Gem hunting - a few remarks
(pictured is a hunted 22 carat unheated Tanzanite in rare blue)
What does not work for a hunt?
1. Demanding an exact weight like 2.26 carat or a very precise dimension like 6.40x4.55mm is not realistic. You may be lucky in the end but it is better to leave some wiggle room to start with.
2. Unless he has nothing else to do, and no family to feed, a professional trader will not want to hunt for a low value stone, even if it is rare and special. It just doesn't pay the bills. Budgets may start somewhere around $1k, depending on how exotic your search is.
3. Finding a stone immediately. Nothing will happen in under a week. A month or two is realistic. If a hunt takes longer than twelve months, there might be a problem. (I searched for an unheated blue zircon for 2 years, canceled the hunt and then found one two months later)
Why do people decide to go for a hunt?
Buying a gem is fun so it usually is not laziness but lack of availability that frustrates the do-it-yourself search.
Who uses hunts?
Usually they are rather well informed buyers searching a gem for a special occasion. They are not long-term collectors or investors. The latter acquire what they like and when they can find it, but they are not fixated on a certain quality and timeline.
Is it more expensive?
Yes, a hunted gem will generally be more expensive than a chance-find on the web but we negotiate prices below the non-pro retail market. Once word is out that a specific color/size/shape combination is wanted, sellers will try to make extra margin. A professional hunter will have several searches open at any time so he can conceal the exact specs wanted. However, the more specific your demand, the more likely it is to push up prices. This is natural effect of supply and demand. E.g. if want nothing but a 5 carat trillion untreated padparadscha you will find the one guy who has a 5ct trillion is asking the highest price. It will cheaper to search for a 4-6 carat oval/round/cushion and see what comes along.

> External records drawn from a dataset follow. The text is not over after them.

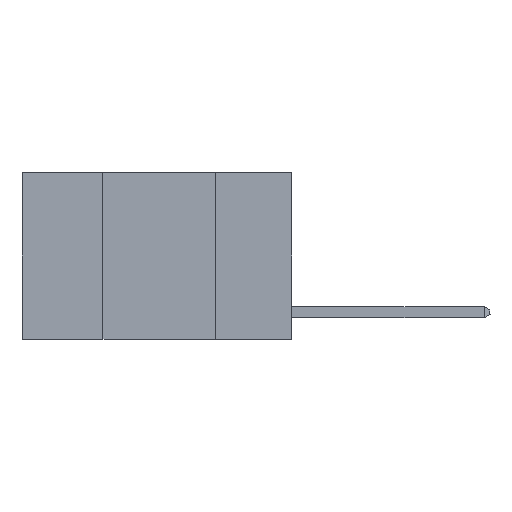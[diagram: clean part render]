
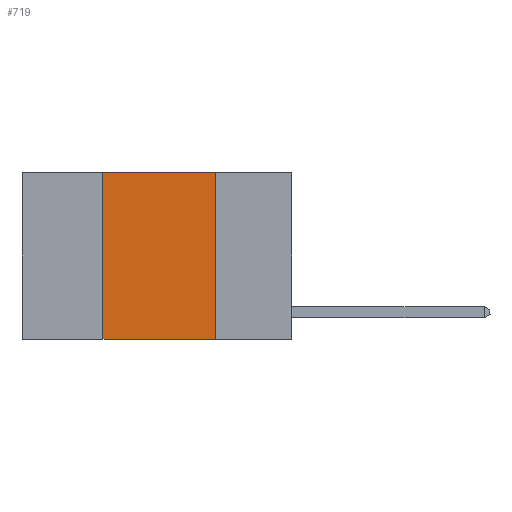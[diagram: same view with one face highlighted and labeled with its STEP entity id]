
A CAD part, left-side view. The second image highlights one B-rep face of the part: STEP entity #719.
In plain terms, the highlighted planar face has unit normal (-1, 0, 0).
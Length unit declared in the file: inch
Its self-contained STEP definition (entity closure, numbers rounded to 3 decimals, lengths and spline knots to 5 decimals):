
#254 = ORIENTED_EDGE ( 'NONE', *, *, #13991, .T. ) ;
#259 = DIRECTION ( 'NONE',  ( 1., 0., 0. ) ) ;
#493 = FACE_OUTER_BOUND ( 'NONE', #12096, .T. ) ;
#708 = EDGE_CURVE ( 'NONE', #10453, #2038, #1628, .T. ) ;
#719 = ADVANCED_FACE ( 'NONE', ( #493 ), #11817, .F. ) ;
#1227 = CARTESIAN_POINT ( 'NONE',  ( 0., 0.17, 0. ) ) ;
#1539 = CARTESIAN_POINT ( 'NONE',  ( 0., 0.42, 0. ) ) ;
#1628 = LINE ( 'NONE', #1539, #10752 ) ;
#2038 = VERTEX_POINT ( 'NONE', #11901 ) ;
#2055 = EDGE_CURVE ( 'NONE', #2038, #5162, #9425, .T. ) ;
#3160 = EDGE_CURVE ( 'NONE', #5162, #7068, #12826, .T. ) ;
#3343 = CARTESIAN_POINT ( 'NONE',  ( 0., 0.42, -0.37 ) ) ;
#5127 = CARTESIAN_POINT ( 'NONE',  ( 0., 0.17, -0.37 ) ) ;
#5162 = VERTEX_POINT ( 'NONE', #9621 ) ;
#5211 = DIRECTION ( 'NONE',  ( 0., 0., -1. ) ) ;
#5932 = ORIENTED_EDGE ( 'NONE', *, *, #2055, .F. ) ;
#6045 = CARTESIAN_POINT ( 'NONE',  ( 0., 0.6, 0. ) ) ;
#6129 = CARTESIAN_POINT ( 'NONE',  ( 0., 0.6, 0. ) ) ;
#6258 = DIRECTION ( 'NONE',  ( 0., 0., 1. ) ) ;
#7068 = VERTEX_POINT ( 'NONE', #5127 ) ;
#7112 = VECTOR ( 'NONE', #10544, 39.37008 ) ;
#7275 = ORIENTED_EDGE ( 'NONE', *, *, #3160, .F. ) ;
#7975 = ORIENTED_EDGE ( 'NONE', *, *, #708, .F. ) ;
#8588 = DIRECTION ( 'NONE',  ( 0., -1., 0. ) ) ;
#9278 = DIRECTION ( 'NONE',  ( 0., 0., -1. ) ) ;
#9425 = LINE ( 'NONE', #6129, #7112 ) ;
#9621 = CARTESIAN_POINT ( 'NONE',  ( 0., 0.17, 0. ) ) ;
#10453 = VERTEX_POINT ( 'NONE', #3343 ) ;
#10544 = DIRECTION ( 'NONE',  ( 0., -1., 0. ) ) ;
#10752 = VECTOR ( 'NONE', #6258, 39.37008 ) ;
#11817 = PLANE ( 'NONE',  #12702 ) ;
#11901 = CARTESIAN_POINT ( 'NONE',  ( 0., 0.42, 0. ) ) ;
#12036 = VECTOR ( 'NONE', #9278, 39.37008 ) ;
#12096 = EDGE_LOOP ( 'NONE', ( #7275, #5932, #7975, #254 ) ) ;
#12483 = VECTOR ( 'NONE', #8588, 39.37008 ) ;
#12702 = AXIS2_PLACEMENT_3D ( 'NONE', #6045, #259, #5211 ) ;
#12826 = LINE ( 'NONE', #1227, #12036 ) ;
#13063 = LINE ( 'NONE', #14532, #12483 ) ;
#13991 = EDGE_CURVE ( 'NONE', #10453, #7068, #13063, .T. ) ;
#14532 = CARTESIAN_POINT ( 'NONE',  ( 0., 0.6, -0.37 ) ) ;

Do I have to commit to one trader?
It may be tempting to send mass-emails, but that is not useful. It is unlikely that somebody hides a trillion 5 carat padparadscha and is just waiting for your email. In any case you will drive up prices because several traders will be asking around for the same specifications without knowing from each other.
All-in-all, this is a very demanding part of the business, great fun at times but also very stressful: Negotiating over various times-zones and cultural settings, with highest expectations on the buyer side and a strong position on the seller side at the same time, can be a challenge. (I had this case where a Chinese seller raised the price twice after we had agreed on a deal. My American customers were going mad on the other across the Pacific).
As a rule: Gem buying should be fun for the buyer. We help!